A single X-chromosome can cause the mutation in both males and females in X-linked dominant inheritance. The affected male passes its gene to all of their daughters, but not to their sons. The pattern of X-linked dominant Inheritance is different from X-linked recessive inheritance. It is more common in females than males. All the daughters are affected by their fathers. But sons of the same father are not impacted. A heterozygous affected mother passes the trait equally to half of her sons and half of her daughters. Hypophosphatemic rickets is a rare hereditary disease and is an X-linked dominant trait. Retinitis pigmentosa and Rett syndrome are other examples of X-linked dominant traits.
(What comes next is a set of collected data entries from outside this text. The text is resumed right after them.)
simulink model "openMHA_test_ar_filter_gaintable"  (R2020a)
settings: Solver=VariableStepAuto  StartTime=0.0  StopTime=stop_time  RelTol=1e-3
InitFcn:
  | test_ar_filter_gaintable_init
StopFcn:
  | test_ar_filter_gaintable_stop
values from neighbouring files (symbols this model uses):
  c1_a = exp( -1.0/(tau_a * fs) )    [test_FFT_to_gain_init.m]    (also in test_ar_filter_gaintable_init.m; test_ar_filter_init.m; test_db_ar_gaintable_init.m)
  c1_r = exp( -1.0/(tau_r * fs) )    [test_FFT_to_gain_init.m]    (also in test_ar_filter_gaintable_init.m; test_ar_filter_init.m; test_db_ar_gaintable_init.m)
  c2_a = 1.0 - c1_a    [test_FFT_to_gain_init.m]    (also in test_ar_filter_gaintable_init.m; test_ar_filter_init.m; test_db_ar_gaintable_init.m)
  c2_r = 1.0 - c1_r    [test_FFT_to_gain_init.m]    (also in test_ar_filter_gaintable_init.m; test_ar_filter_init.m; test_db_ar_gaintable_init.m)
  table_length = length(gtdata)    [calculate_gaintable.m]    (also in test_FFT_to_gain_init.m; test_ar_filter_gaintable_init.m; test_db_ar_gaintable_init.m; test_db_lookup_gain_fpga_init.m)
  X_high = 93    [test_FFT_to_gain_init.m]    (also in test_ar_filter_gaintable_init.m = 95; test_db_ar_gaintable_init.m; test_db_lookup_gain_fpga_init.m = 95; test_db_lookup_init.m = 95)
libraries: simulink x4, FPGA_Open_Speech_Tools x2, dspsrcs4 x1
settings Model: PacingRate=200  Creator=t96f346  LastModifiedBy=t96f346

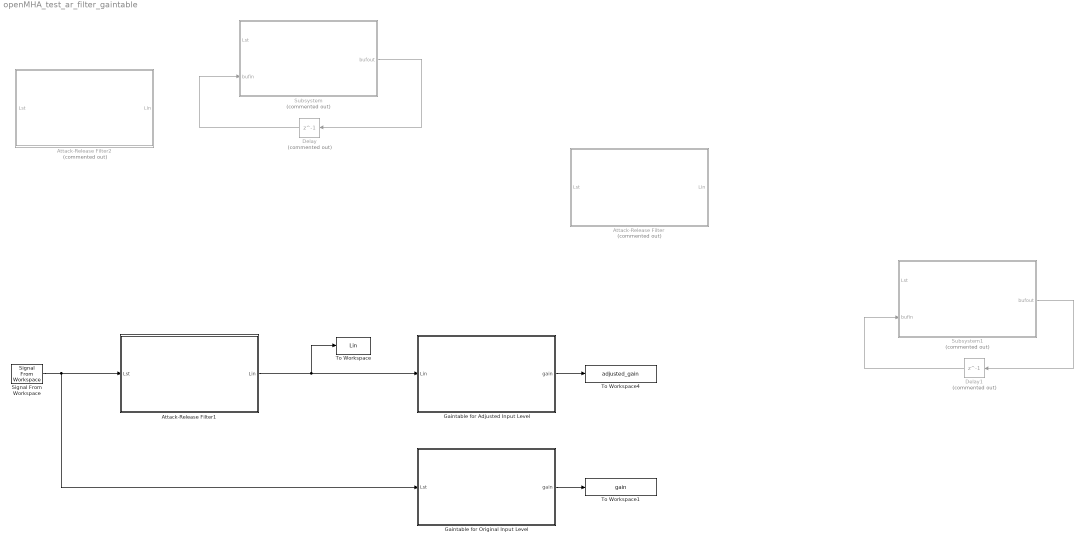
== system openMHA_test_ar_filter_gaintable ==
  Attack-Release Filter : Subsystem  Commented=on
  Attack-Release Filter1 : Subsystem
  Attack-Release Filter2 : Subsystem  Commented=on
  Delay : Delay  Commented=on  DelayLength=1  InitialCondition=65
  Delay1 : Delay  Commented=on  DelayLength=1  InitialCondition=65
  Gaintable for Adjusted Input Level : Subsystem
  Gaintable for Original Input Level : Subsystem
  Signal From Workspace : dspsrcs4/Signal From Workspace  X=Lst  Ts=1  nsamps=1  OutputAfterFinalValue=Setting to zero  ignoreOrWarnInputAndFrameLengths=off  OutputFrames=off
  Subsystem : Subsystem  Commented=on
  Subsystem1 : Subsystem  Commented=on
  To Workspace : ToWorkspace  VariableName=Lin  SampleTime=-1
      settings: Save2DSignal=2-D array (concatenate along first dimension)
  To Workspace1 : ToWorkspace  VariableName=gain  SampleTime=-1
      settings: Save2DSignal=2-D array (concatenate along first dimension)
  To Workspace4 : ToWorkspace  VariableName=adjusted_gain  SampleTime=-1
      settings: Save2DSignal=2-D array (concatenate along first dimension)
  wires:
  Delay/1 -> Subsystem/2(bufin)
  Subsystem/1(bufout) -> Delay/1
  Attack-Release Filter1/1(Lin) -> To Workspace/1, Gaintable for Adjusted Input Level/1(Lin)
  Gaintable for Adjusted Input Level/1(gain) -> To Workspace4/1
  Gaintable for Original Input Level/1(gain) -> To Workspace1/1
  Signal From Workspace/1 -> Attack-Release Filter1/1(Lst), Gaintable for Original Input Level/1(Lst)
  Delay1/1 -> Subsystem1/2(bufin)
  Subsystem1/1(bufout) -> Delay1/1

== system openMHA_test_ar_filter_gaintable/Attack-Release Filter ==
  Lst : Inport
  Delay2 : Delay  DelayLength=1  InitialCondition=65
  Release Filter : Subsystem  TreatAsAtomicUnit=on
  Lin : Outport  VectorParamsAs1DForOutWhenUnconnected=off
  wires:
  Release Filter/1(bufout) -> Lin/1, Delay2/1
  Lst/1 -> Release Filter/1(La)
  Delay2/1 -> Release Filter/2(bufin)

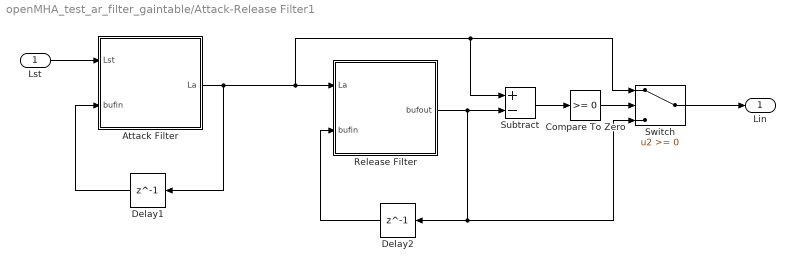
== system openMHA_test_ar_filter_gaintable/Attack-Release Filter1 ==
  Lst : Inport
  Attack Filter : Subsystem  TreatAsAtomicUnit=on
  Compare To Zero : simulink/Logic and Bit Operations/Compare To Zero  relop=>=  OutDataTypeStr=boolean
  Delay1 : Delay  DelayLength=1  InitialCondition=65
  Delay2 : Delay  DelayLength=1  InitialCondition=65
  Release Filter : Subsystem  TreatAsAtomicUnit=on
  Subtract : Sum  Inputs=+-  OutDataTypeStr=Inherit: Same as accumulator
  Switch : Switch
  Lin : Outport  VectorParamsAs1DForOutWhenUnconnected=off
  wires:
  Lst/1 -> Attack Filter/1(Lst)
  Delay2/1 -> Release Filter/2(bufin)
  Delay1/1 -> Attack Filter/2(bufin)
  Release Filter/1(bufout) -> Switch/3, Delay2/1, Subtract/2
  Switch/1 -> Lin/1
  Compare To Zero/1 -> Switch/2
  Attack Filter/1(La) -> Subtract/1, Switch/1, Release Filter/1(La), Delay1/1
  Subtract/1 -> Compare To Zero/1

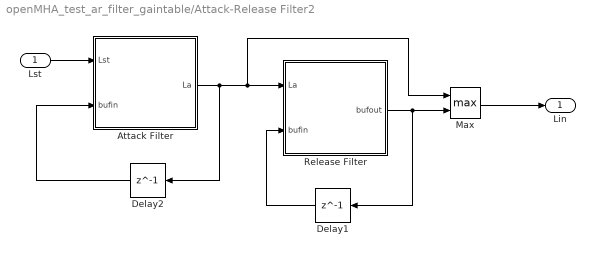
== system openMHA_test_ar_filter_gaintable/Attack-Release Filter2 ==
  Lst : Inport
  Attack Filter : Subsystem  TreatAsAtomicUnit=on
  Delay1 : Delay  DelayLength=1  InitialCondition=65
  Delay2 : Delay  DelayLength=1  InitialCondition=65
  Max : MinMax  Function=max  Inputs=2
  Release Filter : Subsystem  TreatAsAtomicUnit=on
  Lin : Outport  VectorParamsAs1DForOutWhenUnconnected=off
  wires:
  Lst/1 -> Attack Filter/1(Lst)
  Attack Filter/1(La) -> Delay2/1, Max/1, Release Filter/1(La)
  Release Filter/1(bufout) -> Delay1/1, Max/2
  Max/1 -> Lin/1
  Delay2/1 -> Attack Filter/2(bufin)
  Delay1/1 -> Release Filter/2(bufin)

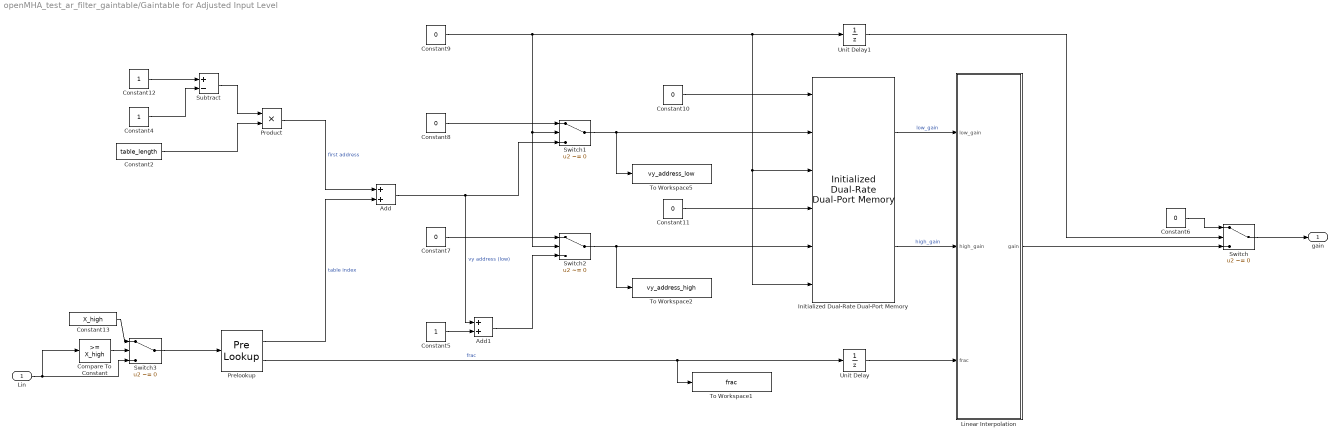
== system openMHA_test_ar_filter_gaintable/Gaintable for Adjusted Input Level ==
  Lin : Inport
  Add : Sum  OutDataTypeStr=uint8
  Add1 : Sum  OutDataTypeStr=uint8
  Compare To Constant : simulink/Logic and Bit Operations/Compare To Constant  relop=>=  const=X_high  OutDataTypeStr=boolean
  Constant10 : Constant  Value=0  OutDataTypeStr=double  SampleTime=-1
  Constant11 : Constant  Value=0  OutDataTypeStr=double  SampleTime=-1
  Constant12 : Constant  OutDataTypeStr=uint8  SampleTime=-1
  Constant13 : Constant  Value=X_high  OutDataTypeStr=fixdt(1,Wbits, Fbits-5)  SampleTime=-1
  Constant2 : Constant  Value=table_length  OutDataTypeStr=uint8  SampleTime=-1
  Constant4 : Constant  OutDataTypeStr=uint8  SampleTime=-1
  Constant5 : Constant  OutDataTypeStr=uint8  SampleTime=-1
  Constant6 : Constant  Value=0  OutDataTypeStr=double  SampleTime=-1
  Constant7 : Constant  Value=0  OutDataTypeStr=uint8  SampleTime=-1
  Constant8 : Constant  Value=0  OutDataTypeStr=uint8  SampleTime=-1
  Constant9 : Constant  Value=0  OutDataTypeStr=boolean  SampleTime=-1
  Initialized Dual-Rate Dual-Port Memory : FPGA_Open_Speech_Tools/Initialized Dual-Rate Dual-Port Memory  ram_size=RAM_size  Table_Init=vy
      settings: SourceProductName=FPGA Open Speech Tools
  Linear Interpolation : Subsystem
  Prelookup : PreLookup  BreakpointsData=input_levels_db  IndexSearchMethod=Evenly spaced points  UseLastBreakpoint=on  DiagnosticForOutOfRangeInput=Error  IndexDataTypeStr=uint8
  Product : Product  OutDataTypeStr=Inherit: Same as first input
  Subtract : Sum  Inputs=+-
  Switch : Switch  Criteria=u2 ~= 0  OutDataTypeStr=double
  Switch1 : Switch  Criteria=u2 ~= 0  OutDataTypeStr=uint8
  Switch2 : Switch  Criteria=u2 ~= 0  OutDataTypeStr=uint8
  Switch3 : Switch  Criteria=u2 ~= 0
  To Workspace1 : ToWorkspace  VariableName=frac  SampleTime=-1
      settings: Save2DSignal=2-D array (concatenate along first dimension)
  To Workspace2 : ToWorkspace  VariableName=vy_address_high  SampleTime=-1
      settings: Save2DSignal=2-D array (concatenate along first dimension)
  To Workspace5 : ToWorkspace  VariableName=vy_address_low  SampleTime=-1
      settings: Save2DSignal=2-D array (concatenate along first dimension)
  Unit Delay : UnitDelay  SampleTime=-1  HasFrameUpgradeWarning=on
  Unit Delay1 : UnitDelay  InitialCondition=1  SampleTime=-1  HasFrameUpgradeWarning=on
  gain : Outport
  wires:
  Constant10/1 -> Initialized Dual-Rate Dual-Port Memory/1
  Unit Delay/1 -> Linear Interpolation/3(frac)
  Unit Delay1/1 -> Switch/2
  Compare To Constant/1 -> Switch3/2
  Switch/1 -> gain/1
  Constant12/1 -> Subtract/1
  Constant6/1 -> Switch/1
  Add/1 -> Switch1/3, Add1/1  "vy address (low)"
  Linear Interpolation/1(gain) -> Switch/3
  Initialized Dual-Rate Dual-Port Memory/2 -> Linear Interpolation/2(high_gain)  "high_gain"
  Switch1/1 -> Initialized Dual-Rate Dual-Port Memory/2, To Workspace5/1
  Constant7/1 -> Switch2/1
  Constant8/1 -> Switch1/1
  Constant5/1 -> Add1/2
  Prelookup/1 -> Add/2  "table index"
  Constant13/1 -> Switch3/1
  Add1/1 -> Switch2/3
  Initialized Dual-Rate Dual-Port Memory/1 -> Linear Interpolation/1(low_gain)  "low_gain"
  Switch2/1 -> Initialized Dual-Rate Dual-Port Memory/5, To Workspace2/1
  Constant4/1 -> Subtract/2
  Constant11/1 -> Initialized Dual-Rate Dual-Port Memory/4
  Prelookup/2 -> To Workspace1/1, Unit Delay/1  "frac"
  Product/1 -> Add/1  "first address"
  Subtract/1 -> Product/1
  Constant9/1 -> Initialized Dual-Rate Dual-Port Memory/3, Initialized Dual-Rate Dual-Port Memory/6, Unit Delay1/1, Switch1/2, Switch2/2
  Lin/1 -> Compare To Constant/1, Switch3/3
  Constant2/1 -> Product/2
  Switch3/1 -> Prelookup/1

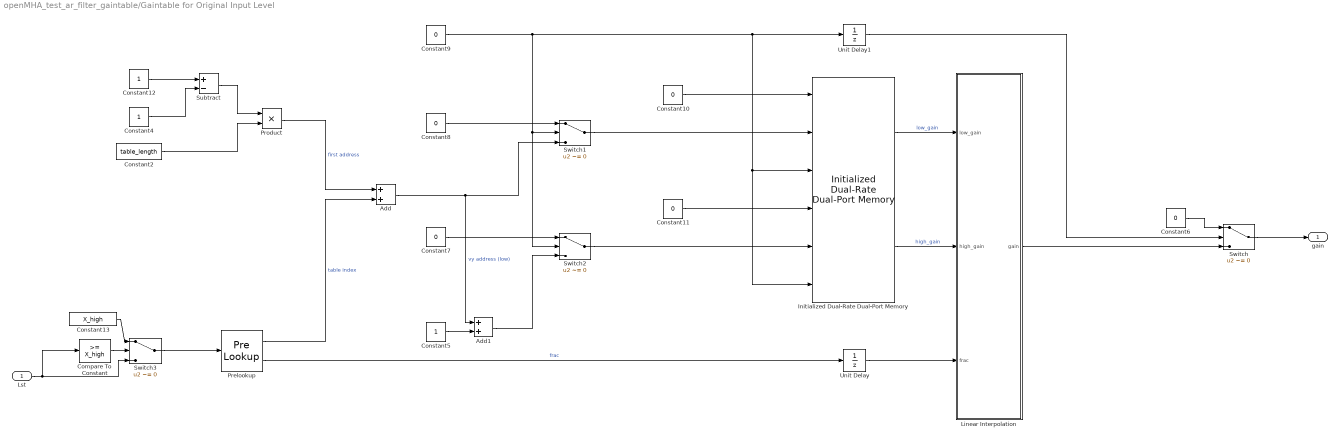
== system openMHA_test_ar_filter_gaintable/Gaintable for Original Input Level ==
  Lst : Inport
  Add : Sum  OutDataTypeStr=uint8
  Add1 : Sum  OutDataTypeStr=uint8
  Compare To Constant : simulink/Logic and Bit Operations/Compare To Constant  relop=>=  const=X_high  OutDataTypeStr=boolean
  Constant10 : Constant  Value=0  OutDataTypeStr=double  SampleTime=-1
  Constant11 : Constant  Value=0  OutDataTypeStr=double  SampleTime=-1
  Constant12 : Constant  OutDataTypeStr=uint8  SampleTime=-1
  Constant13 : Constant  Value=X_high  OutDataTypeStr=fixdt(1,Wbits, Fbits-5)  SampleTime=-1
  Constant2 : Constant  Value=table_length  OutDataTypeStr=uint8  SampleTime=-1
  Constant4 : Constant  OutDataTypeStr=uint8  SampleTime=-1
  Constant5 : Constant  OutDataTypeStr=uint8  SampleTime=-1
  Constant6 : Constant  Value=0  OutDataTypeStr=double  SampleTime=-1
  Constant7 : Constant  Value=0  OutDataTypeStr=uint8  SampleTime=-1
  Constant8 : Constant  Value=0  OutDataTypeStr=uint8  SampleTime=-1
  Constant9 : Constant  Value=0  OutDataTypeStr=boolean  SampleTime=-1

X-Linked Dominant Inheritance
Sex-linked dominant inheritance is also known as X-linked dominance. Sex-linked inheritance is a type of genetic inheritance through which a dominant gene is carried on the X-chromosome. X-linked dominant inheritance is less common than X-linked recessive inheritance. Genes inherited from X-chromosomes can be dominant as well as recessive disorders. X-linked dominant disorder occurred due to genes present on the X-chromosomes.